# TO DO
Using the data below, work out how many lines contain the word "cosmetic", then state that number without comment.

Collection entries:
——————
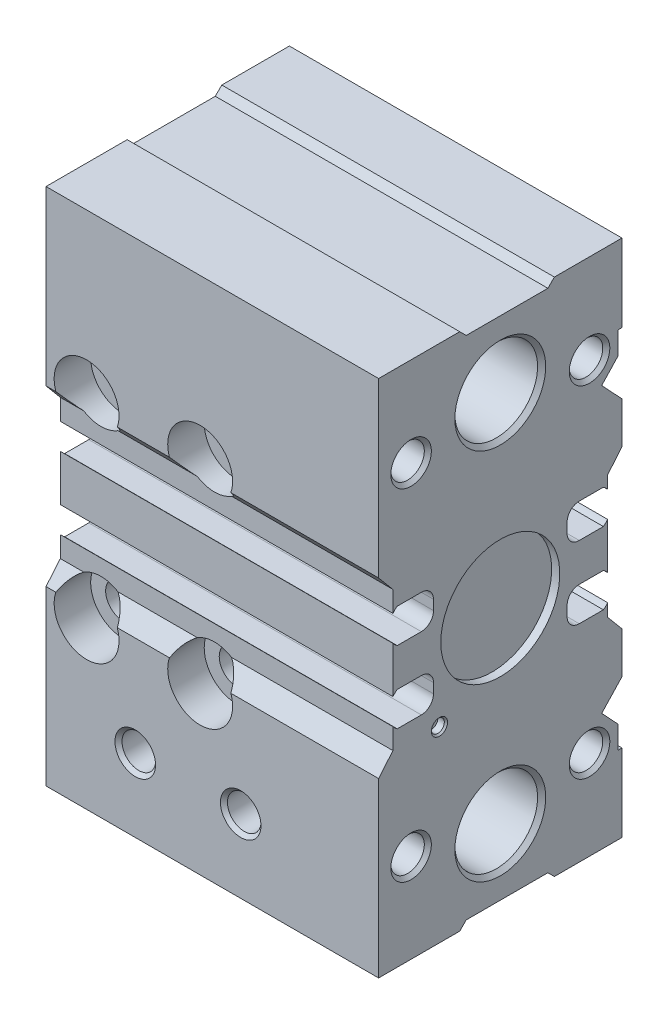
SolidWorks part; units mm, degrees
ref_plane "前视基准面" through (0, 0, 0) normal (0, 0, 1) x (1, 0, 0)
ref_plane "上视基准面" through (0, 0, 0) normal (0, 1, 0) x (1, 0, 0)
ref_plane "右视基准面" through (0, 0, 0) normal (1, 0, 0) x (0, 0, -1)
sketch "草图1" plane through (0, 0, 0) normal (1, 0, 0) x (0, 0, -1)
  line L0 (-15, -32) -> (-5, -32)
  line L1 (-5, -32) -> (-4.2, -31.2)
  line L2 (-4.2, -31.2) -> (5.8667, -31.2)
  line L3 (5.8667, -31.2) -> (6.6667, -32)
  line L4 (6.6667, -32) -> (15, -32)
  line L5 (15, -32) -> (15, -22.4348)
  line L6 (15, -22.4348) -> (14.5, -22.4348)
  line L7 (14.5, -22.4348) -> (14.5, -19.6333)
  line L8 (14.5, -19.6333) -> (12.5, -17.5)
  line L9 (12.5, -17.5) -> (15, -14.8333)
  line L10 (15, -14.8333) -> (15, -9.7142)
  line L11 (15, -9.7142) -> (13.2353, -7.6111)
  line L12 (13.2353, -7.6111) -> (13.2353, -6.0444)
  line L13 (12.7067, -6.5444) -> (9.7353, -6.5444)
  line L14 (8.2353, -5.0444) -> (8.2353, -3.8444)
  line L15 (9.7353, -2.3444) -> (12.7067, -2.3444)
  line L16 (13.2353, -2.8444) -> (13.2353, 2.8444)
  line L17 (12.7067, 2.3444) -> (9.7353, 2.3444)
  line L18 (8.2353, 3.8444) -> (8.2353, 5.0444)
  line L19 (9.7353, 6.5444) -> (12.7067, 6.5444)
  line L20 (13.2353, 6.0444) -> (13.2353, 7.6111)
  line L21 (13.2353, 7.6111) -> (15, 9.7142)
  line L22 (15, 9.7142) -> (15, 14.8333)
  line L23 (15, 14.8333) -> (12.5, 17.5)
  line L24 (12.5, 17.5) -> (14.5, 19.6333)
  line L25 (14.5, 19.6333) -> (14.5, 22.4348)
  line L26 (14.5, 22.4348) -> (15, 22.4348)
  line L27 (15, 22.4348) -> (15, 32)
  line L28 (15, 32) -> (6.6667, 32)
  line L29 (6.6667, 32) -> (5.8667, 31.2)
  line L30 (5.8667, 31.2) -> (-4.2, 31.2)
  line L31 (-4.2, 31.2) -> (-5, 32)
  line L32 (-5, 32) -> (-15, 32)
  line L33 (-15, 32) -> (-15, 10.7075)
  line L34 (-15, 10.7075) -> (-13.2353, 8.6044)
  line L35 (-13.2353, 8.6044) -> (-13.2353, 6.0444)
  line L36 (-12.7067, 6.5444) -> (-9.7353, 6.5444)
  line L37 (-8.2353, 5.0444) -> (-8.2353, 3.8444)
  line L38 (-9.7353, 2.3444) -> (-12.7067, 2.3444)
  line L39 (-13.2353, 2.8444) -> (-13.2353, -2.8444)
  line L40 (-12.7067, -2.3444) -> (-9.7353, -2.3444)
  line L41 (-8.2353, -3.8444) -> (-8.2353, -5.0444)
  line L42 (-9.7353, -6.5444) -> (-12.7067, -6.5444)
  line L43 (-13.2353, -6.0444) -> (-13.2353, -8.6044)
  line L44 (-13.2353, -8.6044) -> (-15, -10.7075)
  line L45 (-15, -10.7075) -> (-15, -32)
  arc A0 (13.2353, -6.0444) -> (12.7067, -6.5444) centre (11.221, -4.4444) cw
  arc A1 (9.7353, -6.5444) -> (8.2353, -5.0444) centre (9.7353, -5.0444) cw
  arc A2 (8.2353, -3.8444) -> (9.7353, -2.3444) centre (9.7353, -3.8444) cw
  arc A3 (12.7067, -2.3444) -> (13.2353, -2.8444) centre (11.221, -4.4444) cw
  arc A4 (13.2353, 2.8444) -> (12.7067, 2.3444) centre (11.221, 4.4444) cw
  arc A5 (9.7353, 2.3444) -> (8.2353, 3.8444) centre (9.7353, 3.8444) cw
  arc A6 (8.2353, 5.0444) -> (9.7353, 6.5444) centre (9.7353, 5.0444) cw
  arc A7 (12.7067, 6.5444) -> (13.2353, 6.0444) centre (11.221, 4.4444) cw
  arc A8 (-13.2353, 6.0444) -> (-12.7067, 6.5444) centre (-11.221, 4.4444) cw
  arc A9 (-9.7353, 6.5444) -> (-8.2353, 5.0444) centre (-9.7353, 5.0444) cw
  arc A10 (-8.2353, 3.8444) -> (-9.7353, 2.3444) centre (-9.7353, 3.8444) cw
  arc A11 (-12.7067, 2.3444) -> (-13.2353, 2.8444) centre (-11.221, 4.4444) cw
  arc A12 (-13.2353, -2.8444) -> (-12.7067, -2.3444) centre (-11.221, -4.4444) cw
  arc A13 (-9.7353, -2.3444) -> (-8.2353, -3.8444) centre (-9.7353, -3.8444) cw
  arc A14 (-8.2353, -5.0444) -> (-9.7353, -6.5444) centre (-9.7353, -5.0444) cw
  arc A15 (-12.7067, -6.5444) -> (-13.2353, -6.0444) centre (-11.221, -4.4444) cw
extrude "凸台-拉伸1" add sketch "草图1" along normal blind 41
sketch "草图2" plane through (0, 0, 0) normal (0, 0, 1) x (1, 0, 0)
  line L0 (0, 23) -> (0, 28.6)
  line L1 (0, 28.6) -> (0.5, 28.1)
  line L2 (0.5, 28.1) -> (40.5, 28.1)
  line L3 (40.5, 28.1) -> (41, 28.6)
  line L4 (41, 28.6) -> (41, 23)
  line L5 (41, 23) -> (0, 23)
  line L6 (41, 23) -> (0, 23) construction
revolve "切除-旋转1" cut sketch "草图2" angle 360 about L6 reverse direction yes
sketch "草图3" plane through (0, 0, 0) normal (0, 0, 1) x (1, 0, 0)
  line L0 (0, -23) -> (0, -17.4)
  line L1 (0, -17.4) -> (0.5, -17.9)
  line L2 (0.5, -17.9) -> (40.5, -17.9)
  line L3 (40.5, -17.9) -> (41, -17.4)
  line L4 (41, -17.4) -> (41, -23)
  line L5 (41, -23) -> (0, -23)
  line L6 (41, -23) -> (0, -23) construction
revolve "切除-旋转2" cut sketch "草图3" angle 360 about L6 reverse direction yes
ref_plane "基准面4" through (0, 12, 0) normal (0, 1, 0) x (1, 0, 0)
ref_plane "基准面5" through (0, 0, 15) normal (0, 0, 1) x (1, 0, 0)
sketch "草图4" plane through (0, 12, 0) normal (0, 1, 0) x (1, 0, 0)
  line L0 (19, 15) -> (21.5, 15)
  line L1 (21.5, 15) -> (21.067, 14.567)
  line L2 (21.067, 14.567) -> (21.067, 3.583)
  line L3 (21.067, 3.583) -> (21.15, 3.5)
  line L4 (21.15, 3.5) -> (21.15, -10.5)
  line L5 (21.15, -10.5) -> (23, -10.5)
  line L6 (23, -10.5) -> (23, -15)
  line L7 (23, -15) -> (19, -15)
  line L8 (19, -15) -> (19, 15)
  line L9 (19, -15) -> (19, 15) construction
revolve "切除-旋转3" cut sketch "草图4" angle 360 about L9 reverse direction yes
cosmetic thread "装饰螺纹线1" parameters "D1"=10, "D2"=5
sketch "草图5" plane through (0, 0, 0) normal (0, 0, 1) x (1, 0, 0)
  line L0 (19, 12) -> (-981, 12)
  line L1 (19, 12) -> (19, -988)
pattern_linear "阵列(线性)1" count 2 spacing 14 along (-1, 0, 0) count 2 spacing 24 along (0, -1, 0) of "切除-旋转3"
ref_plane "基准面6" through (0, 27, 0) normal (0, 1, 0) x (1, 0, 0)
sketch "草图6" plane through (0, 27, 0) normal (0, 1, 0) x (1, 0, 0)
  line L0 (11, 15) -> (13.5, 15)
  line L1 (13.5, 15) -> (13.067, 14.567)
  line L2 (13.067, 14.567) -> (13.067, 3.6934)
  line L3 (13.067, 3.6934) -> (11, 2.5)
  line L4 (11, 2.5) -> (11, 15)
  line L5 (11, 2.5) -> (11, 15) construction
revolve "切除-旋转4" cut sketch "草图6" angle 360 about L5 reverse direction yes
cosmetic thread "装饰螺纹线2" parameters "D1"=10, "D2"=5
ref_plane "基准面7" through (0, 0, -15) normal (0, 0, 1) x (1, 0, 0)
sketch "草图7" plane through (0, 0, 0) normal (0, 0, 1) x (1, 0, 0)
  line L0 (11, 27) -> (1011, 27)
  line L1 (11, 27) -> (11, -973)
pattern_linear "阵列(线性)2" count 2 spacing 17 along (1, 0, 0) count 2 spacing 54 along (0, -1, 0) of "切除-旋转4"
ref_plane "基准面8" through (0, -23, 0) normal (0, 1, 0) x (1, 0, 0)
sketch "草图8" plane through (0, -23, 0) normal (0, 1, 0) x (1, 0, 0)
  line L0 (11, -9.25) -> (13.067, -9.25)
  line L1 (13.067, -9.25) -> (13.067, -14.567)
  line L2 (13.067, -14.567) -> (13.5, -15)
  line L3 (13.5, -15) -> (11, -15)
  line L4 (11, -15) -> (11, -9.25)
  line L5 (11, -15) -> (11, -9.25) construction
revolve "切除-旋转5" cut sketch "草图8" angle 360 about L5 reverse direction yes
cosmetic thread "装饰螺纹线3" parameters "D1"=4.5, "D2"=5
sketch "草图9" plane through (0, -23, 0) normal (0, 1, 0) x (1, 0, 0)
  line L0 (24, -9.25) -> (26.067, -9.25)
  line L1 (26.067, -9.25) -> (26.067, -14.567)
  line L2 (26.067, -14.567) -> (26.5, -15)
  line L3 (26.5, -15) -> (24, -15)
  line L4 (24, -15) -> (24, -9.25)
  line L5 (24, -15) -> (24, -9.25) construction
revolve "切除-旋转6" cut sketch "草图9" angle 360 about L5 reverse direction yes
cosmetic thread "装饰螺纹线4" parameters "D1"=4.5, "D2"=5
sketch "草图10" plane through (0, 0, 0) normal (0, 1, 0) x (1, 0, 0)
  line L0 (0, 0) -> (0, 4.1)
  line L1 (0, 4.1) -> (10, 4.1)
  line L2 (10, 4.1) -> (10, 0)
  line L3 (10, 0) -> (0, 0)
  line L4 (10, 0) -> (0, 0) construction
revolve "切除-旋转7" cut sketch "草图10" angle 360 about L4 reverse direction yes
sketch "草图11" plane through (0, 0, 0) normal (0, 1, 0) x (1, 0, 0)
  line L0 (40, 0) -> (40, 7.3333)
  line L1 (40, 7.3333) -> (41, 7.3333)
  line L2 (41, 7.3333) -> (41, 0)
  line L3 (41, 0) -> (40, 0)
  line L4 (41, 0) -> (40, 0) construction
revolve "切除-旋转8" cut sketch "草图11" angle 360 about L4 reverse direction yes
ref_plane "基准面9" through (11, 0, 0) normal (1, 0, 0) x (0, 0, -1)
sketch "草图12" plane through (11, 0, 0) normal (1, 0, 0) x (0, 0, -1)
  line L0 (-10, -26.25) -> (-7.933, -26.25)
  line L1 (-7.933, -26.25) -> (-7.933, -31.567)
  line L2 (-7.933, -31.567) -> (-7.5, -32)
  line L3 (-7.5, -32) -> (-10, -32)
  line L4 (-10, -32) -> (-10, -26.25)
  line L5 (-10, -32) -> (-10, -26.25) construction
revolve "切除-旋转9" cut sketch "草图12" angle 360 about L5 reverse direction yes
cosmetic thread "装饰螺纹线5" parameters "D1"=4.5, "D2"=5
ref_plane "基准面10" through (24, 0, 0) normal (1, 0, 0) x (0, 0, -1)
sketch "草图13" plane through (24, 0, 0) normal (1, 0, 0) x (0, 0, -1)
  line L0 (-10, -26.25) -> (-7.933, -26.25)
  line L1 (-7.933, -26.25) -> (-7.933, -31.567)
  line L2 (-7.933, -31.567) -> (-7.5, -32)
  line L3 (-7.5, -32) -> (-10, -32)
  line L4 (-10, -32) -> (-10, -26.25)
  line L5 (-10, -32) -> (-10, -26.25) construction
revolve "切除-旋转10" cut sketch "草图13" angle 360 about L5 reverse direction yes
cosmetic thread "装饰螺纹线6" parameters "D1"=4.5, "D2"=5
ref_plane "基准面11" through (0, -8.9362, 0) normal (0, 1, 0) x (1, 0, 0)
sketch "草图14" plane through (0, -8.9362, 0) normal (0, 1, 0) x (1, 0, 0)
  line L0 (40, -7.5) -> (40, -6.7)
  line L1 (40, -6.7) -> (40.8, -6.7)
  line L2 (40.8, -6.7) -> (41, -6.5)
  line L3 (41, -6.5) -> (41, -7.5)
  line L4 (41, -7.5) -> (40, -7.5)
  line L5 (41, -7.5) -> (40, -7.5) construction
revolve "切除-旋转11" cut sketch "草图14" angle 360 about L5 reverse direction yes
ref_plane "基准面12" through (0, 21, 0) normal (0, 1, 0) x (1, 0, 0)
sketch "草图15" plane through (0, 21, 0) normal (0, 1, 0) x (1, 0, 0)
  line L0 (27.8, 11) -> (28.9934, 13.067)
  line L1 (28.9934, 13.067) -> (40.567, 13.067)
  line L2 (40.567, 13.067) -> (41, 13.5)
  line L3 (41, 13.5) -> (41, 11)
  line L4 (41, 11) -> (27.8, 11)
  line L5 (41, 11) -> (27.8, 11) construction
revolve "切除-旋转12" cut sketch "草图15" angle 360 about L5 reverse direction yes
cosmetic thread "装饰螺纹线7" parameters "D1"=11, "D2"=5
sketch "草图16" plane through (0, 21, 0) normal (0, 1, 0) x (1, 0, 0)
  line L0 (27.8, -11) -> (28.9934, -8.933)
  line L1 (28.9934, -8.933) -> (40.567, -8.933)
  line L2 (40.567, -8.933) -> (41, -8.5)
  line L3 (41, -8.5) -> (41, -11)
  line L4 (41, -11) -> (27.8, -11)
  line L5 (41, -11) -> (27.8, -11) construction
revolve "切除-旋转13" cut sketch "草图16" angle 360 about L5 reverse direction yes
cosmetic thread "装饰螺纹线8" parameters "D1"=11, "D2"=5
ref_plane "基准面13" through (0, -21, 0) normal (0, 1, 0) x (1, 0, 0)
sketch "草图17" plane through (0, -21, 0) normal (0, 1, 0) x (1, 0, 0)
  line L0 (27.8, 11) -> (28.9934, 13.067)
  line L1 (28.9934, 13.067) -> (40.567, 13.067)
  line L2 (40.567, 13.067) -> (41, 13.5)
  line L3 (41, 13.5) -> (41, 11)
  line L4 (41, 11) -> (27.8, 11)
  line L5 (41, 11) -> (27.8, 11) construction
revolve "切除-旋转14" cut sketch "草图17" angle 360 about L5 reverse direction yes
cosmetic thread "装饰螺纹线9" parameters "D1"=11, "D2"=5
sketch "草图18" plane through (0, -21, 0) normal (0, 1, 0) x (1, 0, 0)
  line L0 (27.8, -11) -> (28.9934, -8.933)
  line L1 (28.9934, -8.933) -> (40.567, -8.933)
  line L2 (40.567, -8.933) -> (41, -8.5)
  line L3 (41, -8.5) -> (41, -11)
  line L4 (41, -11) -> (27.8, -11)
  line L5 (41, -11) -> (27.8, -11) construction
revolve "切除-旋转15" cut sketch "草图18" angle 360 about L5 reverse direction yes
cosmetic thread "装饰螺纹线10" parameters "D1"=11, "D2"=5
ref_plane "B XY" through (0, 0, 0) normal (1, 0, 0) x (0, 0, -1)
ref_plane "B XZ" through (0, 0, 0) normal (0, -1, 0) x (-1, 0, 0)
ref_plane "B YZ" through (0, 0, 0) normal (0, 0, -1) x (-1, 0, 0)
ref_axis "B X" through (0, 0, 80.9) along (0, 0, -1)
ref_axis "B Y" through (0, -50, 0) along (0, 1, 0)
ref_axis "B Z" through (80.9, 0, 0) along (-1, 0, 0)
sketch3d "B"
  point P0 (0, 0, 0)
——————
# RESPONSE FOR THIS EXERCISE
10